İskenderun Kaymakamı Sn. Hacı Hasan Özyiğit; İskenderunspor, Devletimize Emanet Olmalı!

0
197

İskenderunspor’un kurulduğu günü dün gibi hatırlarım. O gün kendi memleketimizin ismiyle kurulur kurulmaz, İskenderun onun yanında mıh gibi kenetlendi. Zengini garibanı bir birlik içerisinde! Takımın yukarılara doğru yükselmesinde az ter dökülmedi. İskenderunspor, yurt genelinde kısa sürede tanındı ve gönlümüze taht kurdu.

Faruk diye ilk defa profesyonel bir futbolcu takıma  alındığında ona hayranlıkla bakardık. Çünkü o futbolcu İskenderunspor’un ilk transferiydi. Yerli sporcuların arasında nazar boncuğu gibiydi. Fiyatını duyunca şehir az titremedi. Ayakları çarpık sarışın bir futbolcuydu.

Gelelim güzide takımımızın kurulduğu yıllara… 1967 senesinde Gençlerbirliği, Yolspor ve Çayspor kulüplerinin birleşmesiyle kurulan İskenderunspor, o yıllar bölgemizin Türk futbol liginde mücadele eden spordaki sesimiz ve gururumuzdu. Unutulmayan mücadelelere örnek teşkil eden bölgemiz futbol takımı, yıllar boyu halkımızın sevgisi ile barışık sevgi yumağımızdı.

Rahmetli Kaptan Cemil Soley’in kornerden attığı o golü hala unutamam. Dünya futbol ahengiyle inlerken, kornerden falsolu gol atan böyle futbolcu daha görmedim.
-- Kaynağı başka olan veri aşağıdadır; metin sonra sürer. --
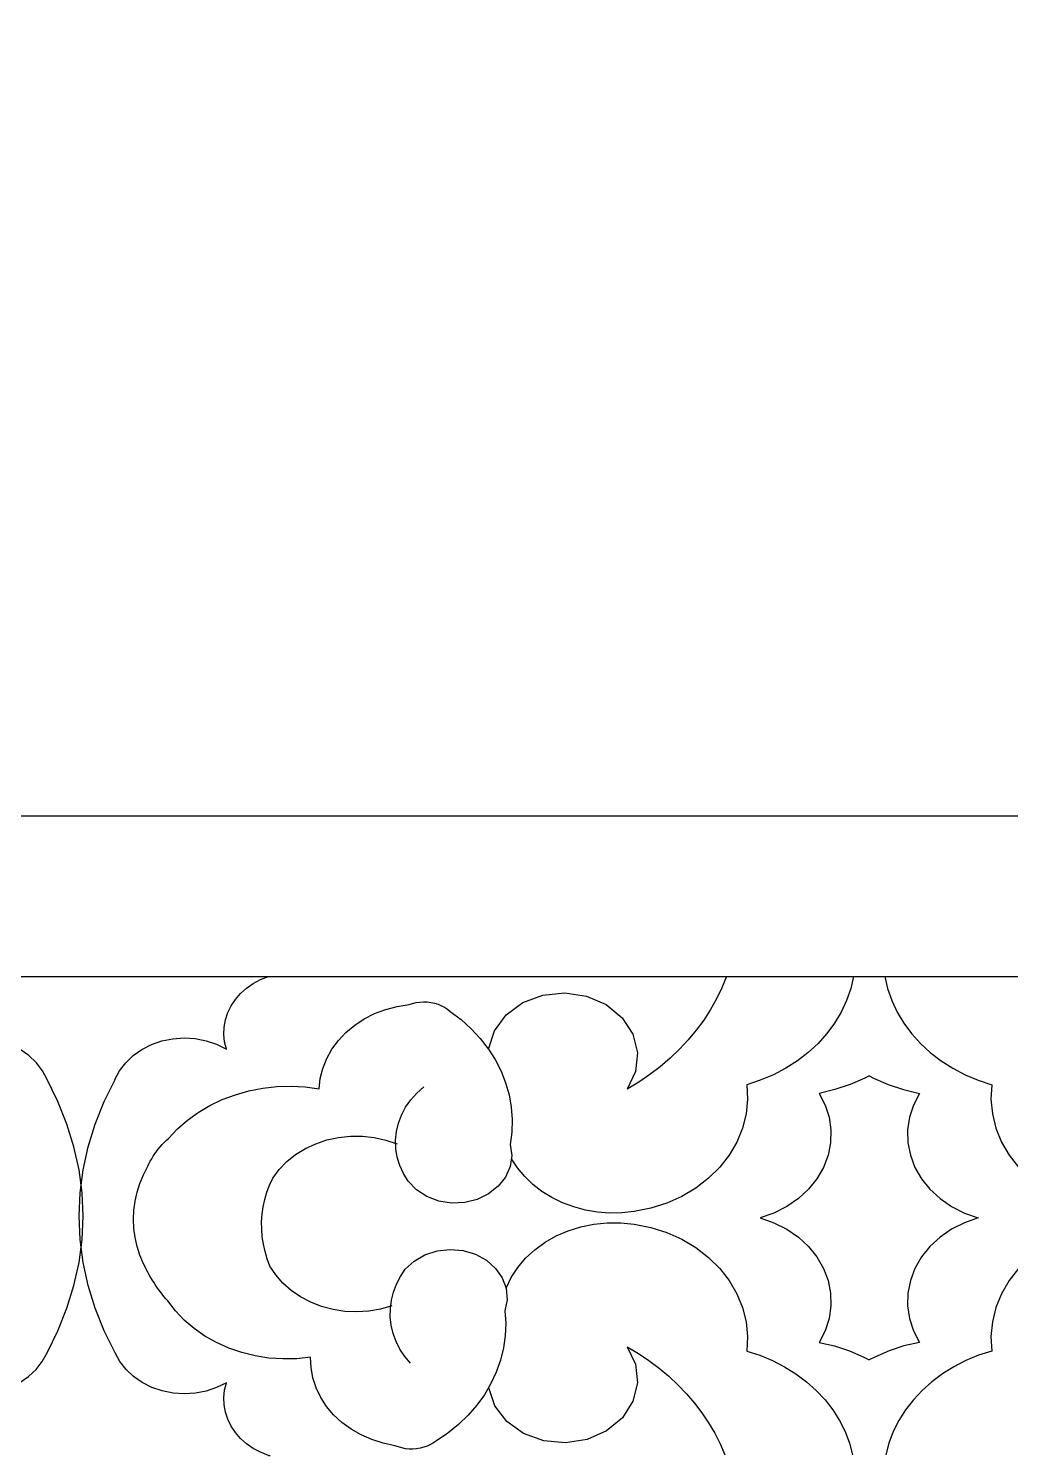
# Model space of a CAD drawing. Extents: x 1188826 to 1909461, y 608442 to 1651179.
# Drawn here: x 1667377.3 to 1667561.3, y 1032543.6 to 1032811.1 of the extents above; entities that cross this region are included whole.
import ezdxf

# ---------------------------------------------------------------- set-up
doc = ezdxf.new("R2010")
doc.units = 0
doc.header["$LTSCALE"] = 1000
doc.header["$MEASUREMENT"] = 0
doc.layers.add('窗', color=4, linetype='Continuous')
doc.layers.add('立面线', color=40, linetype='Continuous')

# ---------------------------------------------------------------- blocks, each defined once
blk = doc.blocks.new('EHYTERHT5EHTER')
at = {"layer": '窗', "ltscale": 3}
blk.add_lwpolyline([(83569.73, -228180.6), (84504.99, -228180.6), (84504.99, -229130.6), (83569.73, -229130.6)], close=True, dxfattribs=at)

msp = doc.modelspace()

# ---------------------------------------------------------------- linework, layer by layer
at = {"layer": '立面线'}
for p, q in [((1669039.81, 1032663.42), (1660727.54, 1032663.42)), ((1660758.89, 1032633.42), (1669008.6, 1032633.42)), ((1667419.45, 1032632.09), (1667420.82, 1032632.83)), ((1667420.82, 1032632.83), (1667422.28, 1032633.42)), ((1667508.13, 1032633.42), (1667507.26, 1032631.3)), ((1667531.91, 1032633.42), (1667531.39, 1032631.14)), ((1667537.77, 1032633.42), (1667538.3, 1032631.14)), ((1667416.1, 1032629.11), (1667417.07, 1032630.22)), ((1667417.07, 1032630.22), (1667418.19, 1032631.22)), ((1667418.19, 1032631.22), (1667419.45, 1032632.09)), ((1667473.72, 1032629.93), (1667477.82, 1032630.35)), ((1667477.82, 1032630.35), (1667481.89, 1032629.73)), ((1667507.26, 1032631.3), (1667506.26, 1032629.23)), ((1667531.39, 1032631.14), (1667530.61, 1032628.9)), ((1667538.3, 1032631.14), (1667539.07, 1032628.9)), ((1667414.67, 1032626.63), (1667415.3, 1032627.91)), ((1667415.3, 1032627.91), (1667416.1, 1032629.11)), ((1667444.26, 1032627.22), (1667446.42, 1032627.79)), ((1667446.42, 1032627.79), (1667448.65, 1032628.14)), ((1667448.65, 1032628.14), (1667449.3, 1032628.36)), ((1667449.3, 1032628.36), (1667449.97, 1032628.51)), ((1667449.97, 1032628.51), (1667450.66, 1032628.61)), ((1667450.66, 1032628.61), (1667451.35, 1032628.64)), ((1667451.35, 1032628.64), (1667452.05, 1032628.62)), ((1667452.05, 1032628.62), (1667452.74, 1032628.54)), ((1667452.74, 1032628.54), (1667453.41, 1032628.39)), ((1667453.41, 1032628.39), (1667454.07, 1032628.19)), ((1667454.07, 1032628.19), (1667454.7, 1032627.93)), ((1667454.7, 1032627.93), (1667455.29, 1032627.62)), ((1667455.29, 1032627.62), (1667455.84, 1032627.26)), ((1667466.81, 1032626.19), (1667469.94, 1032628.5)), ((1667469.94, 1032628.5), (1667473.72, 1032629.93)), ((1667481.89, 1032629.73), (1667485.57, 1032628.12)), ((1667485.57, 1032628.12), (1667488.54, 1032625.67)), ((1667506.26, 1032629.23), (1667505.12, 1032627.2)), ((1667530.61, 1032628.9), (1667529.6, 1032626.74)), ((1667539.07, 1032628.9), (1667540.08, 1032626.74)), ((1667413.97, 1032623.93), (1667414.22, 1032625.3)), ((1667414.22, 1032625.3), (1667414.67, 1032626.63)), ((1667438.44, 1032624.27), (1667440.23, 1032625.45)), ((1667440.23, 1032625.45), (1667442.18, 1032626.44)), ((1667442.18, 1032626.44), (1667444.26, 1032627.22)), ((1667455.84, 1032627.26), (1667456.35, 1032626.86)), ((1667456.35, 1032626.86), (1667458.39, 1032625.31)), ((1667458.39, 1032625.31), (1667460.26, 1032623.62)), ((1667464.61, 1032623.19), (1667466.81, 1032626.19)), ((1667488.54, 1032625.67), (1667490.55, 1032622.57)), ((1667503.85, 1032625.24), (1667502.45, 1032623.34)), ((1667505.12, 1032627.2), (1667503.85, 1032625.24)), ((1667528.37, 1032624.66), (1667526.91, 1032622.69)), ((1667529.6, 1032626.74), (1667528.37, 1032624.66)), ((1667540.08, 1032626.74), (1667541.32, 1032624.66)), ((1667541.32, 1032624.66), (1667542.77, 1032622.69)), ((1667413.92, 1032622.54), (1667413.97, 1032623.93)), ((1667414.06, 1032621.16), (1667413.92, 1032622.54)), ((1667435.38, 1032621.41), (1667436.81, 1032622.92)), ((1667436.81, 1032622.92), (1667438.44, 1032624.27)), ((1667460.26, 1032623.62), (1667461.96, 1032621.8)), ((1667463.52, 1032619.78), (1667464.61, 1032623.19)), ((1667490.55, 1032622.57), (1667491.41, 1032619.11)), ((1667502.45, 1032623.34), (1667500.93, 1032621.51)), ((1667526.91, 1032622.69), (1667525.26, 1032620.85)), ((1667542.77, 1032622.69), (1667544.43, 1032620.85)), ((1667377.41, 1032618.58), (1667375.78, 1032619.72)), ((1667396.94, 1032618.58), (1667398.56, 1032619.72)), ((1667398.56, 1032619.72), (1667400.37, 1032620.64)), ((1667400.37, 1032620.64), (1667402.32, 1032621.32)), ((1667402.32, 1032621.32), (1667404.37, 1032621.73)), ((1667404.37, 1032621.73), (1667406.47, 1032621.88)), ((1667406.47, 1032621.88), (1667408.56, 1032621.76)), ((1667408.56, 1032621.76), (1667410.62, 1032621.36)), ((1667410.62, 1032621.36), (1667412.58, 1032620.71)), ((1667412.58, 1032620.71), (1667414.4, 1032619.8)), ((1667414.4, 1032619.8), (1667414.06, 1032621.16)), ((1667433.2, 1032618.02), (1667434.17, 1032619.77)), ((1667434.17, 1032619.77), (1667435.38, 1032621.41)), ((1667461.96, 1032621.8), (1667463.46, 1032619.86)), ((1667463.46, 1032619.86), (1667463.52, 1032619.78)), ((1667463.52, 1032619.78), (1667464.77, 1032617.82)), ((1667499.29, 1032619.75), (1667497.54, 1032618.08)), ((1667500.93, 1032621.51), (1667499.29, 1032619.75)), ((1667525.26, 1032620.85), (1667523.41, 1032619.14)), ((1667544.43, 1032620.85), (1667546.28, 1032619.14)), ((1667378.81, 1032617.23), (1667377.41, 1032618.58)), ((1667379.96, 1032615.73), (1667378.81, 1032617.23)), ((1667394.38, 1032615.73), (1667395.54, 1032617.23)), ((1667395.54, 1032617.23), (1667396.94, 1032618.58)), ((1667432.47, 1032616.18), (1667433.2, 1032618.02)), ((1667464.77, 1032617.82), (1667465.86, 1032615.68)), ((1667491.41, 1032619.11), (1667491.06, 1032615.59)), ((1667497.54, 1032618.08), (1667495.68, 1032616.49)), ((1667521.38, 1032617.58), (1667519.2, 1032616.19)), ((1667523.41, 1032619.14), (1667521.38, 1032617.58)), ((1667546.28, 1032619.14), (1667548.3, 1032617.58)), ((1667548.3, 1032617.58), (1667550.48, 1032616.19)), ((1667380.84, 1032614.09), (1667379.96, 1032615.73)), ((1667382.85, 1032609.95), (1667380.8, 1032614.09)), ((1667391.5, 1032609.95), (1667393.55, 1032614.09)), ((1667393.51, 1032614.09), (1667394.38, 1032615.73)), ((1667431.79, 1032612.35), (1667432, 1032614.28)), ((1667432, 1032614.28), (1667432.47, 1032616.18)), ((1667465.86, 1032615.68), (1667466.72, 1032613.47)), ((1667491.06, 1032615.59), (1667489.52, 1032612.3)), ((1667493.72, 1032615), (1667491.67, 1032613.6)), ((1667495.68, 1032616.49), (1667493.72, 1032615)), ((1667514.44, 1032613.94), (1667511.89, 1032613.11)), ((1667516.88, 1032614.97), (1667514.44, 1032613.94)), ((1667519.2, 1032616.19), (1667516.88, 1032614.97)), ((1667534.03, 1032614.35), (1667531.29, 1032613.15)), ((1667534.84, 1032614.79), (1667534.03, 1032614.35)), ((1667534.84, 1032614.79), (1667535.65, 1032614.35)), ((1667535.65, 1032614.35), (1667538.39, 1032613.15)), ((1667550.48, 1032616.19), (1667552.8, 1032614.97)), ((1667552.8, 1032614.97), (1667555.25, 1032613.94)), ((1667555.25, 1032613.94), (1667557.79, 1032613.11)), ((1667416.08, 1032611.25), (1667418.61, 1032611.96)), ((1667418.61, 1032611.96), (1667421.21, 1032612.47)), ((1667421.21, 1032612.47), (1667423.85, 1032612.76)), ((1667423.85, 1032612.76), (1667426.51, 1032612.84)), ((1667426.51, 1032612.84), (1667429.16, 1032612.7)), ((1667429.16, 1032612.7), (1667431.79, 1032612.35)), ((1667448.96, 1032610.28), (1667450.1, 1032611.56)), ((1667450.1, 1032611.56), (1667451.4, 1032612.72)), ((1667466.72, 1032613.47), (1667467.37, 1032611.21)), ((1667491.67, 1032613.6), (1667489.52, 1032612.3)), ((1667511.89, 1032613.11), (1667512.03, 1032610.38)), ((1667528.42, 1032612.19), (1667525.44, 1032611.49)), ((1667525.44, 1032611.49), (1667526.57, 1032609.31)), ((1667531.29, 1032613.15), (1667528.42, 1032612.19)), ((1667538.39, 1032613.15), (1667541.27, 1032612.19)), ((1667541.27, 1032612.19), (1667544.24, 1032611.49)), ((1667544.24, 1032611.49), (1667543.12, 1032609.31)), ((1667557.79, 1032613.11), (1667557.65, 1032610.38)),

Kulüp, Makzume’den sonra, memleketimizde isim yapmaya çalışan birkaç iş adamlarının, İskenderun Belediye Başkanlığına yükselme basamağı haline geldi. Kitleyi harekete geçiren lider, şehirde el üstünde tutulur ve onun dediği her öneri alaka görürdü.

Zamanla gittikçe posası çıkartılan ve yüklü borç batağına saplandırılan kulüp için artık her şey için çok geç kalınmaya başlandı. Siyasiler takımımızla oyun oynamaktan vazgeçti. İskenderunspor için vatandaşa verilen sözlerle belediye başkanlığını kazanan çoğu belediye başkanı ilk yıllarda takımı bir yerlere getirmek için sözde çalışmalar yaptı ve daha sonra takımı kendi haline bıraktı.

İskenderunspor ismiyle, saf seçmenin oylarını alanlar, İskenderunspor’suz bu şehri yönetmeye başladılar. İskenderunspor için bilir bilmez ahkam kestiler. Başkanlar artık her şeyi vatandaştan iyi bilmeye başladıklarından dolayı kendi isimlerinin haricinde sivrilen yeni isimlerin önlerini kapattılar. Makamlarında İskenderunspor konuşulmaz oldu. Ta ki yeni seçim baharına girene dek! Seçim ayları, seçim arabalarının arkasında yazılan şu yazıyı hiç unutmam! ”İskenderunspor bizim namusumuzdur!” Hadi ordan..!!

Toplum sevgisinin varlığı hala devamlılık gösterse de bu işi göğüsleyecek birileri bir daha ortaya çıkmadı. Tek tük çıkanlar ise hemen üst düzey ‘ben bilirim’ciler sayesinde sesleri susturuldu. Üst düzey sahipsizleşme süreci anlayacağınız tamamen durdu. İskenderun’da özel yatırımlarıyla gündem olan bir iş adamı bu takımı sahiplenmeye kalktı ama maalesef “o kadar borç ödedim, ben bunca parayı ödüyorum kimse kılını kıpırdatmıyor” dedi ve takımı oda bıraktı. O günler bir isim oluşması gerekliydi ve bu takım o ismi oluşturdu. Yani bu takımın ölüsü dahi ölmüş isimlere hayat vermeye devam ediyor.

Son günlerde bu takıma çocukluklarında aşina olan insanlar ortaya çıkıyor ve onları bir tepsi baklava ile gönül alma işinde görüyorum. Yokluklar içerisinde bir şeyler yapabilme mücadelesinde olan yeni yönetimin bu hırsı, takımdan vazgeçmeme sevdasını gönülden tebrik ediyorum. Reklamsız şekilde sessizce yollarına giden bu koskoca İskenderunspor’u dönüp de şöyle bir göz altından onlara bakma şerefini hangimiz kendimizde hissediyoruz acaba?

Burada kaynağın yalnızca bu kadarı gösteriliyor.